Si un general desea ser un actor exitoso en el gran drama de la guerra, su primer deber es estudiar cuidadosamente el teatro de operaciones, para ver claramente las ventajas y desventajas relativas que presenta para sí mismo y para sus enemigos.
Hecho esto, puede proceder con conocimiento de causa a preparar su base de operaciones, a elegir luego la zona de operaciones más adecuada para sus esfuerzos principales y, al hacerlo, tener constantemente presentes en su mente los principios del arte de la guerra relativos a las líneas y frentes de operaciones.
El ejército ofensivo debe esforzarse particularmente por cortar al ejército opuesto mediante la selección hábil de puntos objetivos de maniobra; asumirá entonces, como objetos de sus empresas posteriores, puntos geográficos de mayor o menor importancia, dependiendo de sus primeros éxitos.
El ejército defensivo, por el contrario, debe esforzarse por todos los medios en neutralizar el primer movimiento de avance de su adversario, prolongando las operaciones tanto como sea posible sin comprometer la suerte de la guerra, y aplazando una batalla decisiva hasta el momento en que una parte de las fuerzas enemigas esté agotada por las fatigas, o dispersada con el fin de ocupar provincias invadidas, enmascarar plazas fortificadas, cubrir sitios, proteger la línea de operaciones, los depósitos, etc.
Hasta este punto todo se relaciona con un primer plan de operaciones; pero ningún plan puede prever con certeza aquello que es siempre incierto: el carácter y el desenlace del primer conflicto.
Si vuestras líneas de operaciones han sido hábilmente elegidas y vuestros movimientos bien ocultos, y si por otra parte vuestro enemigo hace falsos movimientos que os permiten caer sobre fracciones de su ejército, podéis tener éxito en vuestra campaña, sin librar batallas generales, mediante el simple uso de vuestras ventajas estratégicas.

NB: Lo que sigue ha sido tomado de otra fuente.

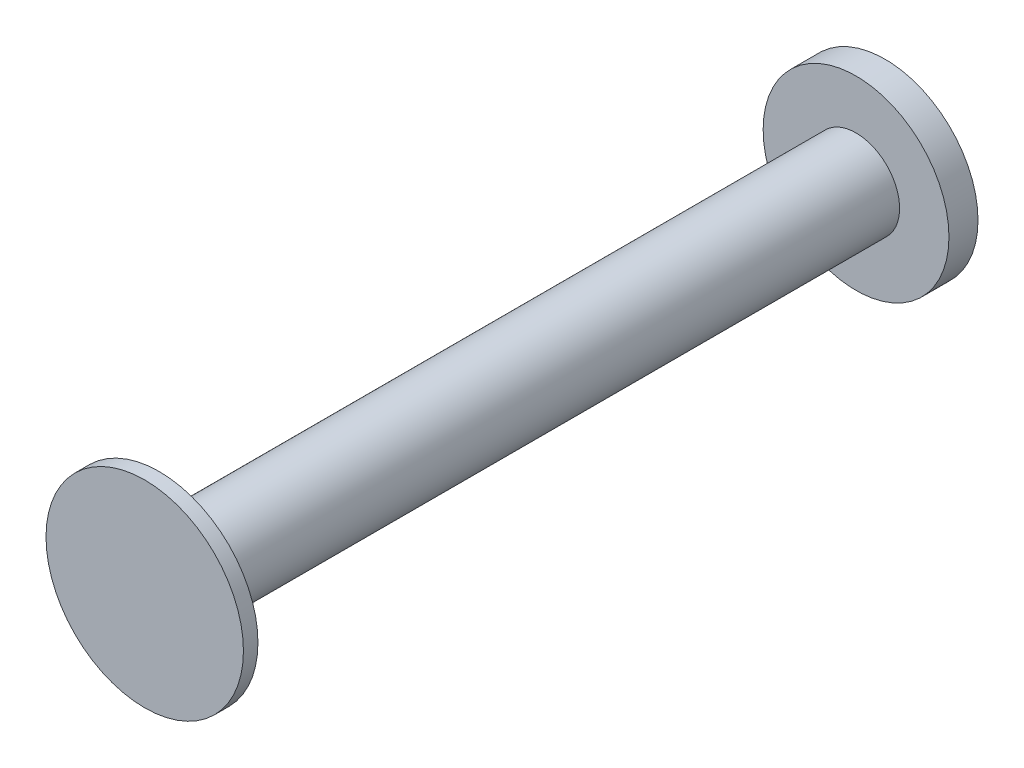
from build123d import *

# Parameters (mm, degrees)
SKETCH1_R           = 20.32
BOSS_EXTRUDE1_DEPTH = 6.35
SKETCH2_R           = 9.525
BOSS_EXTRUDE2_DEPTH = 152.4
SKETCH3_R           = 21.59
BOSS_EXTRUDE3_DEPTH = 3.175


with BuildPart() as part:
    # Sketch1 → Boss-Extrude1 (new body)
    with BuildSketch(Plane.XY):
        Circle(SKETCH1_R)
    extrude(amount=BOSS_EXTRUDE1_DEPTH)

    # Sketch2 → Boss-Extrude2 (add)
    with BuildSketch(Plane.XY.offset(6.35)):
        with Locations(Location((0, 0, 0), (0, 0, 180))):
            Circle(SKETCH2_R)
    extrude(amount=BOSS_EXTRUDE2_DEPTH)

    # Sketch3 → Boss-Extrude3 (add)
    with BuildSketch(Plane.XY.offset(158.75)):
        Circle(SKETCH3_R)
    extrude(amount=BOSS_EXTRUDE3_DEPTH)


solid = part.part
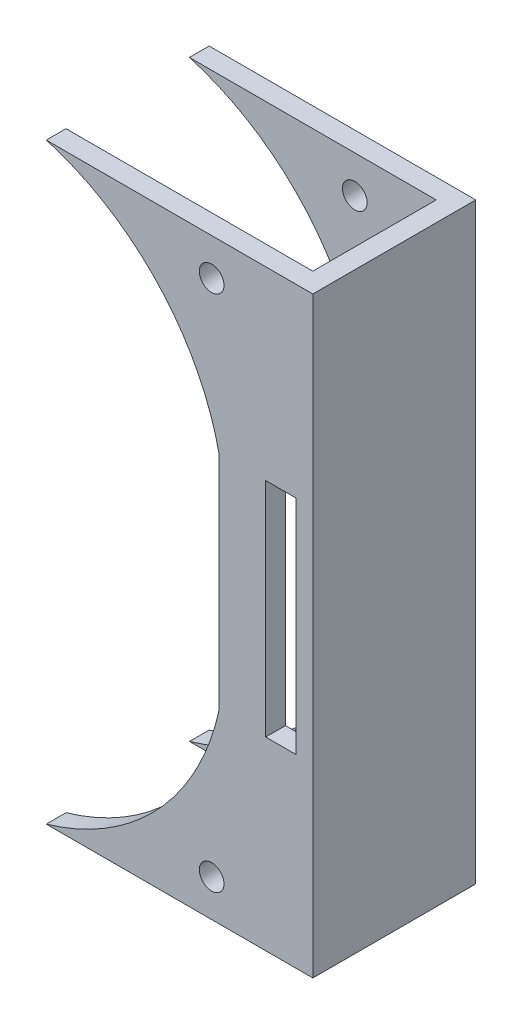
from build123d import *

# Parameters (mm, degrees)
SKETCH3_W           = 13
SKETCH3_H           = 120
BOSS_EXTRUDE1_DEPTH = 4
SKETCH11_W          = 33
SKETCH11_H          = 120
BOSS_EXTRUDE4_DEPTH = 4
SKETCH12_R          = 2.5
CUT_EXTRUDE3_DEPTH  = 76.305579191
SKETCH13_W          = 6.102814475
SKETCH13_H          = 45
CUT_EXTRUDE4_DEPTH  = 76.305579191
SKETCH15_W          = 7.5
SKETCH15_H          = 6
CUT_EXTRUDE5_DEPTH  = 74.640547644


with BuildPart() as part:
    # Sketch3 → Boss-Extrude1 (new body)
    with BuildSketch(Plane.XY):
        with Locations((20.835766423, 0)):
            Rectangle(SKETCH3_W, SKETCH3_H)
        with BuildLine():
            Line((14.335766423, 0), (14.335766423, 60))
            Line((14.335766423, 60), (-22.664233577, 60))
            ThreePointArc((-22.664233577, 60), (-0.008037132, 46.062450015), (12.335766423, 22.5))
            Line((12.335766423, 22.5), (12.335766423, 0))
            Line((12.335766423, 0), (14.335766423, 0))
        make_face()
        with BuildLine():
            Line((14.335766423, -60), (14.335766423, 0))
            Line((14.335766423, 0), (12.335766423, 0))
            Line((12.335766423, 0), (12.335766423, -22.5))
            ThreePointArc((12.335766423, -22.5), (-0.008037132, -46.062450015), (-22.664233577, -60))
            Line((-22.664233577, -60), (14.335766423, -60))
        make_face()
    extrude(amount=BOSS_EXTRUDE1_DEPTH)


with BuildPart() as body_2:
    # Mirror4: mirrored copy
    add(part.part.mirror(Plane.XY.offset(-12.5)))


with BuildPart() as part_1:
    add(part.part)

    add(body_2.part)  # Boss-Extrude4 merges body 2
    # Sketch11 → Boss-Extrude4 (add)
    with BuildSketch(Plane(origin=(27.335766423, 0, 0), x_dir=(0, 0, -1), z_dir=(1, 0, 0))):
        with Locations((12.5, 0)):
            Rectangle(SKETCH11_W, SKETCH11_H)
    extrude(amount=BOSS_EXTRUDE4_DEPTH)

    # Sketch12 → Cut-Extrude3 (cut, through all)
    with BuildSketch(Plane.XY.offset(4)):
        with Locations((10.835766423, 52.5)):
            Circle(SKETCH12_R)
    cut_extrude3 = extrude(amount=-CUT_EXTRUDE3_DEPTH, mode=Mode.SUBTRACT)

    # Mirror5: Cut-Extrude3 across plane
    add(cut_extrude3.mirror(Plane.ZX), mode=Mode.SUBTRACT)

    # Sketch13 → Cut-Extrude4 (cut, through all)
    with BuildSketch(Plane.XY.offset(4)):
        with Locations((24.835766424, 0)):
            Rectangle(SKETCH13_W, SKETCH13_H)
    extrude(amount=-CUT_EXTRUDE4_DEPTH, mode=Mode.SUBTRACT)

    # Sketch15 → Cut-Extrude5 (cut, through all)
    with BuildSketch(Plane.XY.offset(-25)):
        with Locations((18.085766423, -38.5)):
            Rectangle(SKETCH15_W, SKETCH15_H)
    extrude(amount=-CUT_EXTRUDE5_DEPTH, mode=Mode.SUBTRACT)


solid = part_1.part

Pero si las dos partes parecen estar igualmente equiparadas en el momento del conflicto, resultará una de esas tragedias descomunales como Borodinó, Wagram, Waterloo, Bautzen y Dresde, donde los preceptos de la gran táctica, tal como se indican en el capítulo sobre ese tema, deben ejercer una poderosa influencia.
Si unos cuantos militares prejuiciosos, tras leer este libro y estudiar minuciosamente la historia detallada y correcta de las campañas de los grandes maestros del arte de la guerra, todavía sostienen que este no tiene ni principios ni reglas, solo puedo compadecerlos y responderles, con las famosas palabras de Federico, que «una mula que hubiera hecho veinte campañas bajo el príncipe Eugenio no sería mejor taxista que al principio».
Correctas teorías, fundadas sobre principios rectos, sostenidas por los acontecimientos reales de las guerras, y sumadas a una historia militar exacta, formarán una verdadera escuela de instrucción para los generales. Si estos medios no producen hombres grandes, producirán al menos generales de la habilidad suficiente para ocupar el rango inmediatamente posterior a los maestros naturales del arte de la guerra.